Brief:
Word for word, transcribe the data below from the line with "#9=PRODUCT_DEFINITION_SHAPE('','',#8);" to the line with "#20=DIRECTION('',(0.,0.,-1.));", keeping both of those lines.

= = = = = = =

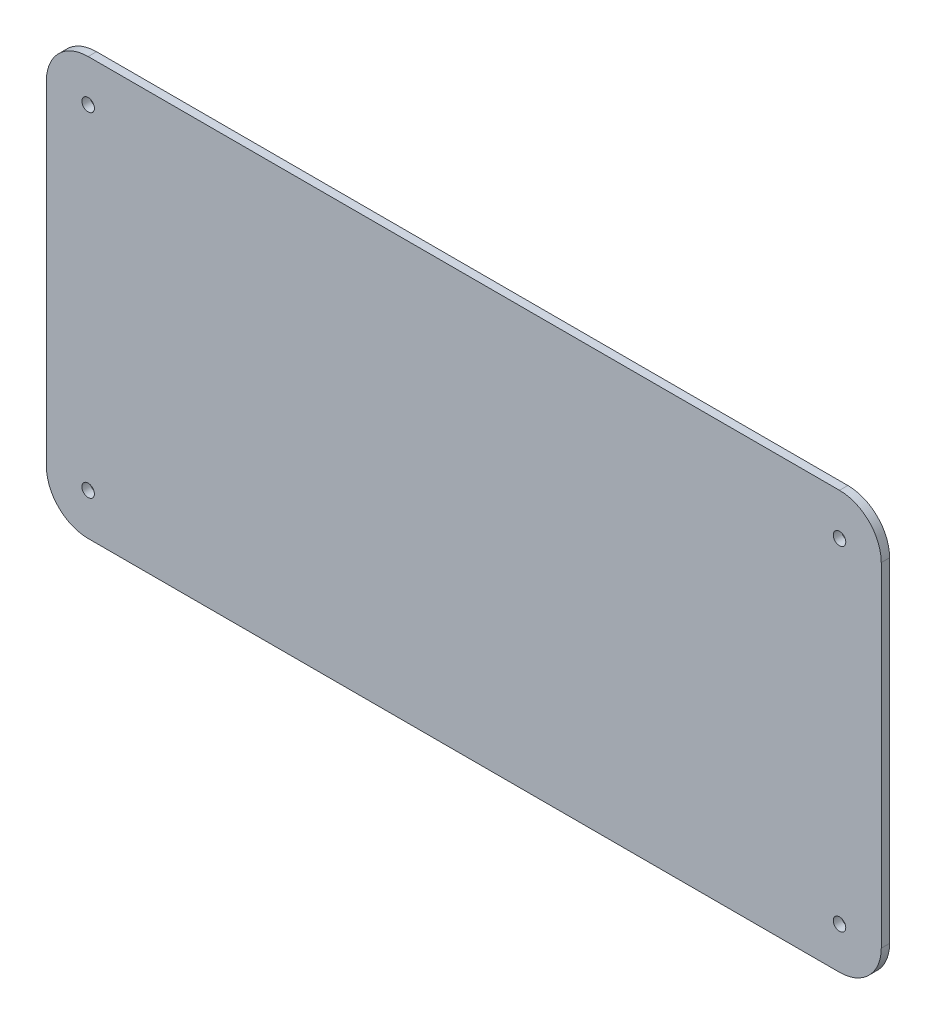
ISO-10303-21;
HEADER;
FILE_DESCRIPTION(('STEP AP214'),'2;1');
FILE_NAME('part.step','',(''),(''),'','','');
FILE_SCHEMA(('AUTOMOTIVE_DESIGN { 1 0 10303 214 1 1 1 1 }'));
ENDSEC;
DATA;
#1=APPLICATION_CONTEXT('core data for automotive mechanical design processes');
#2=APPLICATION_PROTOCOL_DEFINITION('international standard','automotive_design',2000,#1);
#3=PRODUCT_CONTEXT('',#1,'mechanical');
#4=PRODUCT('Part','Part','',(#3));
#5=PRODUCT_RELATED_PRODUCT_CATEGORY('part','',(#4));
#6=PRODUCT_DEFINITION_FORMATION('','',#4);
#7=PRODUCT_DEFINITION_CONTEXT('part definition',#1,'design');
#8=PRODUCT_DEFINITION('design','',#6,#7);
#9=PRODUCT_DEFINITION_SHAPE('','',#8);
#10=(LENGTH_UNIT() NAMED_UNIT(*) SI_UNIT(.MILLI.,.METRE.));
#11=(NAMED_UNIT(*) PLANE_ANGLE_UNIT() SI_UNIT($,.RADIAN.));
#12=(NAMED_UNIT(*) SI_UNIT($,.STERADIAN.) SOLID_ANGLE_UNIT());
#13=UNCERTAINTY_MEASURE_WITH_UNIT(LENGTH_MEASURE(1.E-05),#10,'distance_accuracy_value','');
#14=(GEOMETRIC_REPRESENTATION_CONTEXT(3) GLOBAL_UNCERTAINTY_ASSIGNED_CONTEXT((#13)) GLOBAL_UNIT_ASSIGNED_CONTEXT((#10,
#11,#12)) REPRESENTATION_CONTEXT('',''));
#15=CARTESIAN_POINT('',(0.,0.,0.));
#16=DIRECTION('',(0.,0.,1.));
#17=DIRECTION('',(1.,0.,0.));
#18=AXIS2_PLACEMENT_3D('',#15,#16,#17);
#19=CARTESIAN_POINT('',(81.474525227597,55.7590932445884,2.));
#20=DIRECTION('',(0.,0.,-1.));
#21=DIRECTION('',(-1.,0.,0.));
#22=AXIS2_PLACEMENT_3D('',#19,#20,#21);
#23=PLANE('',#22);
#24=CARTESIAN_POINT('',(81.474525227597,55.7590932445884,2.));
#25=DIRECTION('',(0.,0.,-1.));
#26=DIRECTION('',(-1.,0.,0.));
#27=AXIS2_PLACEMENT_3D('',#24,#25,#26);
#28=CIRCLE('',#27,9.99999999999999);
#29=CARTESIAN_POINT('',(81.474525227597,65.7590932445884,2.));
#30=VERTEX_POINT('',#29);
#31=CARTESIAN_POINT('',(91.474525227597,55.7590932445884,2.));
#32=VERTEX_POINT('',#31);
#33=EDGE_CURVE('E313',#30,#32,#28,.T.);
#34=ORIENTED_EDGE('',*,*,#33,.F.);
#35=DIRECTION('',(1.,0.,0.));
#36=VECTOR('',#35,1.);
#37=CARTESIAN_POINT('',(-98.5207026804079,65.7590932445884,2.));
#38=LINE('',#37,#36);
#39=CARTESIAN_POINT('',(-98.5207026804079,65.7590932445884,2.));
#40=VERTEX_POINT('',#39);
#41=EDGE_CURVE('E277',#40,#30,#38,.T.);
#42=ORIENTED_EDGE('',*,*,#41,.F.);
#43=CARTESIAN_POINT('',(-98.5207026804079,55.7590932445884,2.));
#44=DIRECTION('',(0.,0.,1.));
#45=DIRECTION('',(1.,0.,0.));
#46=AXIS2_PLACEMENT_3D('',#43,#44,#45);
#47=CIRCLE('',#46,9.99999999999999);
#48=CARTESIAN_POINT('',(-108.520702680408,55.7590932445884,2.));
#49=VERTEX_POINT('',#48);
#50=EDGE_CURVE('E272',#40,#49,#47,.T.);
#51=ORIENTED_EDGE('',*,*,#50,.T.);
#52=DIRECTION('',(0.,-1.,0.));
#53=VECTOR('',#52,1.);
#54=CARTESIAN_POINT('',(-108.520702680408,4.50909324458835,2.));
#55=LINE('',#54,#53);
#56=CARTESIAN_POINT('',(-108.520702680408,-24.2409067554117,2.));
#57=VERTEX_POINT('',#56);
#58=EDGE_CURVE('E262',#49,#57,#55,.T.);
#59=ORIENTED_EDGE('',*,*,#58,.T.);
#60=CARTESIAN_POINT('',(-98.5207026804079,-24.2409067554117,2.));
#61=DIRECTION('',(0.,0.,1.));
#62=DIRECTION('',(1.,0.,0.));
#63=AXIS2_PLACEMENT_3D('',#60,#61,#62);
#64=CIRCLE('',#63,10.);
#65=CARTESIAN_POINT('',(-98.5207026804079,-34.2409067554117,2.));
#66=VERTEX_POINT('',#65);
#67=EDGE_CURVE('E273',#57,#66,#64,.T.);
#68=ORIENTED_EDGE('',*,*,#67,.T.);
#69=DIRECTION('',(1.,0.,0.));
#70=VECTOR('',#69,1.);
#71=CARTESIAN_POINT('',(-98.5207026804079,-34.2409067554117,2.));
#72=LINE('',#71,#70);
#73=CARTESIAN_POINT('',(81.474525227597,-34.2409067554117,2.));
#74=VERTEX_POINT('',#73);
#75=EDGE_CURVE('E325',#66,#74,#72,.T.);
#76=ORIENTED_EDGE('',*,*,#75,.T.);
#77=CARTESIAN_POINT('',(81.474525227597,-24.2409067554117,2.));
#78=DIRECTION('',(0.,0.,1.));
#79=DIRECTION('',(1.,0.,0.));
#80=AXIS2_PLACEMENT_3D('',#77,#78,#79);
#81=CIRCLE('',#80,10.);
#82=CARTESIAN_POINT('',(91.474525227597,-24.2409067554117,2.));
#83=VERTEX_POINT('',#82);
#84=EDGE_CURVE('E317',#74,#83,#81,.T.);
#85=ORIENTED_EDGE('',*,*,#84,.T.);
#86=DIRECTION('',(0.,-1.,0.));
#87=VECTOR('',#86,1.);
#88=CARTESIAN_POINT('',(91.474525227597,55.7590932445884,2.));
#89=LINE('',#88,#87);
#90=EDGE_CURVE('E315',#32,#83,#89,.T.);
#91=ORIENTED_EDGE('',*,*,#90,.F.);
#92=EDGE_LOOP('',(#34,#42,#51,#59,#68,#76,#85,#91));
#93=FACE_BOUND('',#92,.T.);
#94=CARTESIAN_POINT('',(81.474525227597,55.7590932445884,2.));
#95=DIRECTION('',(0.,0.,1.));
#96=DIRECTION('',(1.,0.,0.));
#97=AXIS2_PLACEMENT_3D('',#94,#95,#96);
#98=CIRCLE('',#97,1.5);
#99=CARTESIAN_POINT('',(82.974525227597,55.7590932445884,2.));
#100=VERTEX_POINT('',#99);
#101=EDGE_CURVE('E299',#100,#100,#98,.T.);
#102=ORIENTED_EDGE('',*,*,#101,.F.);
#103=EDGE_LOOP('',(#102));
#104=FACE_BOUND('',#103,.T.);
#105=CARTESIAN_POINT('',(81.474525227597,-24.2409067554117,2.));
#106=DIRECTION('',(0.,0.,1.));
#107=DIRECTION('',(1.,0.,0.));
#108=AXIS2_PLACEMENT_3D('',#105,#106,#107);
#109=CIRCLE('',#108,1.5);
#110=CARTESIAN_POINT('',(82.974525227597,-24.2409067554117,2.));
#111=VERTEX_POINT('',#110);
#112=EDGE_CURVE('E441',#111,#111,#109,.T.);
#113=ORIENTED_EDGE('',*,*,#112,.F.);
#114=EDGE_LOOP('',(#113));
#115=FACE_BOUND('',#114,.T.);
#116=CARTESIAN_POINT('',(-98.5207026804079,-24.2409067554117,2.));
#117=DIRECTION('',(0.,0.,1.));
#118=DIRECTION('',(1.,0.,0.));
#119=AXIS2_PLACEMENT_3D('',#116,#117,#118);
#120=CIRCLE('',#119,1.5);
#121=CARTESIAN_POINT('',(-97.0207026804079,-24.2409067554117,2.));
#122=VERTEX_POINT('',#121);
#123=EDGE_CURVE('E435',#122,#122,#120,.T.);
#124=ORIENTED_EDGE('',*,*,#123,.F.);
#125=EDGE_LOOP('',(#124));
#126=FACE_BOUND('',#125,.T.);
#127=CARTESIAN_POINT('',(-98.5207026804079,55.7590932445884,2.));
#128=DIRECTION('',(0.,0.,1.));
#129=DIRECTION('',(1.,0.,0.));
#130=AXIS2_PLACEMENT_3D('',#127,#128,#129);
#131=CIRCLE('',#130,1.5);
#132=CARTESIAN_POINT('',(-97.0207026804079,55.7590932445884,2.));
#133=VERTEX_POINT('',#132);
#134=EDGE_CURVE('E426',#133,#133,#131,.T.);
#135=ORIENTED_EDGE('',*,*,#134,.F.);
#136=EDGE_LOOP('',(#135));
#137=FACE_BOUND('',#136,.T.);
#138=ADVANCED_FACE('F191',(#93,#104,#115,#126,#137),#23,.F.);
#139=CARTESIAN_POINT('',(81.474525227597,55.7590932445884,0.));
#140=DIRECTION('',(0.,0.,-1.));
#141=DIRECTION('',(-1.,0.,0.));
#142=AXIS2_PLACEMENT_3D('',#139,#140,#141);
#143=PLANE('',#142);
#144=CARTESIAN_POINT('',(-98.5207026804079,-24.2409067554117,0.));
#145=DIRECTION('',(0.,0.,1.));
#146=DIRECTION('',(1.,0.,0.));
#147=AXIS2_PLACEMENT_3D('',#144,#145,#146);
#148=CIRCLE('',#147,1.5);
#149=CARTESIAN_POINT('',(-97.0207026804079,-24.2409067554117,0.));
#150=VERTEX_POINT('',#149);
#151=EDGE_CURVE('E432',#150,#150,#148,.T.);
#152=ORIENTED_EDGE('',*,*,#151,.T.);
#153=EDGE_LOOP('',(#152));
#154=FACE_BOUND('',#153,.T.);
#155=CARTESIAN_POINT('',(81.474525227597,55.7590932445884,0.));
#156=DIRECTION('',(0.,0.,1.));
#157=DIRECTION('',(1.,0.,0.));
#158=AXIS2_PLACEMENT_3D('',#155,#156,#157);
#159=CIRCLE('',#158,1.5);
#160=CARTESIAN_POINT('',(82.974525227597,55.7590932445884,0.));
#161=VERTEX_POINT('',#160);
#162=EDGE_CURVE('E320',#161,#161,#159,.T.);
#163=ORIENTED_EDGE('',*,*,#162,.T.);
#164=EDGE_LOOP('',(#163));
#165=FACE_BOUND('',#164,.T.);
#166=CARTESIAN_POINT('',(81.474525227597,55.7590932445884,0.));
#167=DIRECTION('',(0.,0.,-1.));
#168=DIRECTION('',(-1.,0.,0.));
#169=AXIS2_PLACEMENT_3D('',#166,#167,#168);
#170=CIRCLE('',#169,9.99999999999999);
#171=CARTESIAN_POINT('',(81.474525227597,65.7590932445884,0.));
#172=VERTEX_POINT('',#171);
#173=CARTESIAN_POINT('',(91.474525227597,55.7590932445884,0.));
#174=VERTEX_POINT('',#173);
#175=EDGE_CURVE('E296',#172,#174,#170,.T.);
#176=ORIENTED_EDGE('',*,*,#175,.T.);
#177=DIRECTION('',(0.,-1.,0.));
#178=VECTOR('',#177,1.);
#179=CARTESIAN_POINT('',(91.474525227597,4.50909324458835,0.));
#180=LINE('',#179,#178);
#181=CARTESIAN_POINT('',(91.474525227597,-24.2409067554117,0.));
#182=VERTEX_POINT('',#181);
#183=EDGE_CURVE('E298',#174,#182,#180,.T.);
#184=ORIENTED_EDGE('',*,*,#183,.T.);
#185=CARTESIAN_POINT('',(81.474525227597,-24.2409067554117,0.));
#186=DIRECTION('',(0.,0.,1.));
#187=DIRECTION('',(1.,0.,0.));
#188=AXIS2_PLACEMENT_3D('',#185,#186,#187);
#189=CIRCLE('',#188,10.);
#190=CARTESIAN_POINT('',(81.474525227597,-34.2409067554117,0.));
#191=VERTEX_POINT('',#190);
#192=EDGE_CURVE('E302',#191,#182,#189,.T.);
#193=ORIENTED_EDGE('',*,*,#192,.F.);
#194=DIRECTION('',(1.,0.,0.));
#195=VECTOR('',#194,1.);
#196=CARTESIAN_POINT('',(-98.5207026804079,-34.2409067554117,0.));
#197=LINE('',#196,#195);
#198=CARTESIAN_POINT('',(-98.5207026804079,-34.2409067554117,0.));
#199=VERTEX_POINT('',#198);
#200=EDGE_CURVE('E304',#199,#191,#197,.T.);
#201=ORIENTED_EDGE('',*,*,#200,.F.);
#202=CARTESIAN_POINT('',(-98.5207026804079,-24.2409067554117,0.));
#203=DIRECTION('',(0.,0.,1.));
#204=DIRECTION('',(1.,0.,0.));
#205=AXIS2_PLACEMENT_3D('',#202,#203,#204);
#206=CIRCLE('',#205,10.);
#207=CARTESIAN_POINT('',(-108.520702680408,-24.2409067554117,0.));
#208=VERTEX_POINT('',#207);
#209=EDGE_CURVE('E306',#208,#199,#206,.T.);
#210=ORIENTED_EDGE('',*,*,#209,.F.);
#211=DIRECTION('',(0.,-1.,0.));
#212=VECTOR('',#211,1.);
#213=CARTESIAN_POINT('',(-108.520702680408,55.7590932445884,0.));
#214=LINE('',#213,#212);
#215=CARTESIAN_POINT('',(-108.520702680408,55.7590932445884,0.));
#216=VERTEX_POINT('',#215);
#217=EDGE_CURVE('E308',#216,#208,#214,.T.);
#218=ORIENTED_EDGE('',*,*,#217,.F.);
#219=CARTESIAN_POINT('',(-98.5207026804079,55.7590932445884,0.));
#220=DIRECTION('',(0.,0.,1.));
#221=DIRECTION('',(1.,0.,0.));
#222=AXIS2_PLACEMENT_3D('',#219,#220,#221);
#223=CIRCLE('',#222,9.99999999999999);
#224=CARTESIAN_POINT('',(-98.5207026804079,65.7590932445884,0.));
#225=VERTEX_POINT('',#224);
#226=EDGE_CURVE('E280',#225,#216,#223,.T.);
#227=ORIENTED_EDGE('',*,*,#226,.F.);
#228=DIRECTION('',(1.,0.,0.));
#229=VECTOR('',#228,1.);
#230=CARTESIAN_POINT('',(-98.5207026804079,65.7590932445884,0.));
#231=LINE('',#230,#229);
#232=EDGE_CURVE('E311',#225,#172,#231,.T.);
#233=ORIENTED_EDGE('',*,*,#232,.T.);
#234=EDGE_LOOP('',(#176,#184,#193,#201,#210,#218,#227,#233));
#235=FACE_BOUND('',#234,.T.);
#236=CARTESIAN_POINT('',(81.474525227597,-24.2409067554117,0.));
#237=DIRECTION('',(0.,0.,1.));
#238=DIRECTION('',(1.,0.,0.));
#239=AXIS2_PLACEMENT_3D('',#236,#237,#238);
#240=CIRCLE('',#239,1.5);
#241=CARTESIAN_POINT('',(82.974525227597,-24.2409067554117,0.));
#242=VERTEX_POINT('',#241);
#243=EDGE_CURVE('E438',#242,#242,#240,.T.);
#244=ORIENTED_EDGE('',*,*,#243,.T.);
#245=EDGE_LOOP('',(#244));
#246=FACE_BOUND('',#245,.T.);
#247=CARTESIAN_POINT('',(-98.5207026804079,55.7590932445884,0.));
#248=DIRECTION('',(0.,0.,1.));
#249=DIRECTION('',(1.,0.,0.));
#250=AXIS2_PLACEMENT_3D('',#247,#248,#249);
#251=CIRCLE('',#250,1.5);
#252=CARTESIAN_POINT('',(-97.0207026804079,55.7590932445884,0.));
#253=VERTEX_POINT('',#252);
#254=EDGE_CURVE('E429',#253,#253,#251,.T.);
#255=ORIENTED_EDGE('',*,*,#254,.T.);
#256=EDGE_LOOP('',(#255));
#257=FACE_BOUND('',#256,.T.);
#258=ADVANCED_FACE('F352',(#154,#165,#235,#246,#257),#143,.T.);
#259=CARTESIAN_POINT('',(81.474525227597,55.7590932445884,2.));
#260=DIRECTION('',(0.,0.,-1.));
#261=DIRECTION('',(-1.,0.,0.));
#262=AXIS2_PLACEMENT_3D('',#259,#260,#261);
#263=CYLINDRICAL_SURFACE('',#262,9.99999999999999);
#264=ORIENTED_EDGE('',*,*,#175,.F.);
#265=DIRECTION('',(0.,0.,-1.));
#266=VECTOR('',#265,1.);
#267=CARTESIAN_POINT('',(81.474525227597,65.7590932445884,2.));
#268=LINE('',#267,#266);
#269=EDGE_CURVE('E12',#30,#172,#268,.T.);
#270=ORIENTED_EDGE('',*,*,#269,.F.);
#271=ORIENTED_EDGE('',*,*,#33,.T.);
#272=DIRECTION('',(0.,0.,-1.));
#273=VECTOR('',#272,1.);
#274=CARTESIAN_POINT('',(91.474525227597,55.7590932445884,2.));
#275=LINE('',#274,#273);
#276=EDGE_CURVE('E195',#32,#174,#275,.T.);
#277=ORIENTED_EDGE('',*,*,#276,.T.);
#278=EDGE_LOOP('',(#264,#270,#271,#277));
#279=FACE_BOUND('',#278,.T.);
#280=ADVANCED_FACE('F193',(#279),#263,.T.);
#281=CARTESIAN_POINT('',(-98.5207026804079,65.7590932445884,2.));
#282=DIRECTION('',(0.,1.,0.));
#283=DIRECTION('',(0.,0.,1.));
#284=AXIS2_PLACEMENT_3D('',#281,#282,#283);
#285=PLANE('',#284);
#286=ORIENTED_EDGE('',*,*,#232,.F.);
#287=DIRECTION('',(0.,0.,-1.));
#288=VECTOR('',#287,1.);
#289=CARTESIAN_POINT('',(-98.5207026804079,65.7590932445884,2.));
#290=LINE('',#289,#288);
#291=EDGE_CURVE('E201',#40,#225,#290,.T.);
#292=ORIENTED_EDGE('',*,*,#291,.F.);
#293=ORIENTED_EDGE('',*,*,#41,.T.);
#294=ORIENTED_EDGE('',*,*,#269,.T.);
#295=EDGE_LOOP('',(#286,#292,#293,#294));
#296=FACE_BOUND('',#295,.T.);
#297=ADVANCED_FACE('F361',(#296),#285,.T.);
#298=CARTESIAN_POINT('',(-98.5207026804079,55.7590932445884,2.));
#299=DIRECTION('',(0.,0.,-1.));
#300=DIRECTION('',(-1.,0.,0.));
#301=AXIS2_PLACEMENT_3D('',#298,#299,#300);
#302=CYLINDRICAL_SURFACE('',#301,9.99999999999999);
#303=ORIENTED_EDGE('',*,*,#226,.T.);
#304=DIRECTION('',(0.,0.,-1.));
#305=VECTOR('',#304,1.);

= = = = = = =

Exercise answer:
#9=PRODUCT_DEFINITION_SHAPE('','',#8);
#10=(LENGTH_UNIT() NAMED_UNIT(*) SI_UNIT(.MILLI.,.METRE.));
#11=(NAMED_UNIT(*) PLANE_ANGLE_UNIT() SI_UNIT($,.RADIAN.));
#12=(NAMED_UNIT(*) SI_UNIT($,.STERADIAN.) SOLID_ANGLE_UNIT());
#13=UNCERTAINTY_MEASURE_WITH_UNIT(LENGTH_MEASURE(1.E-05),#10,'distance_accuracy_value','');
#14=(GEOMETRIC_REPRESENTATION_CONTEXT(3) GLOBAL_UNCERTAINTY_ASSIGNED_CONTEXT((#13)) GLOBAL_UNIT_ASSIGNED_CONTEXT((#10,
#11,#12)) REPRESENTATION_CONTEXT('',''));
#15=CARTESIAN_POINT('',(0.,0.,0.));
#16=DIRECTION('',(0.,0.,1.));
#17=DIRECTION('',(1.,0.,0.));
#18=AXIS2_PLACEMENT_3D('',#15,#16,#17);
#19=CARTESIAN_POINT('',(81.474525227597,55.7590932445884,2.));
#20=DIRECTION('',(0.,0.,-1.));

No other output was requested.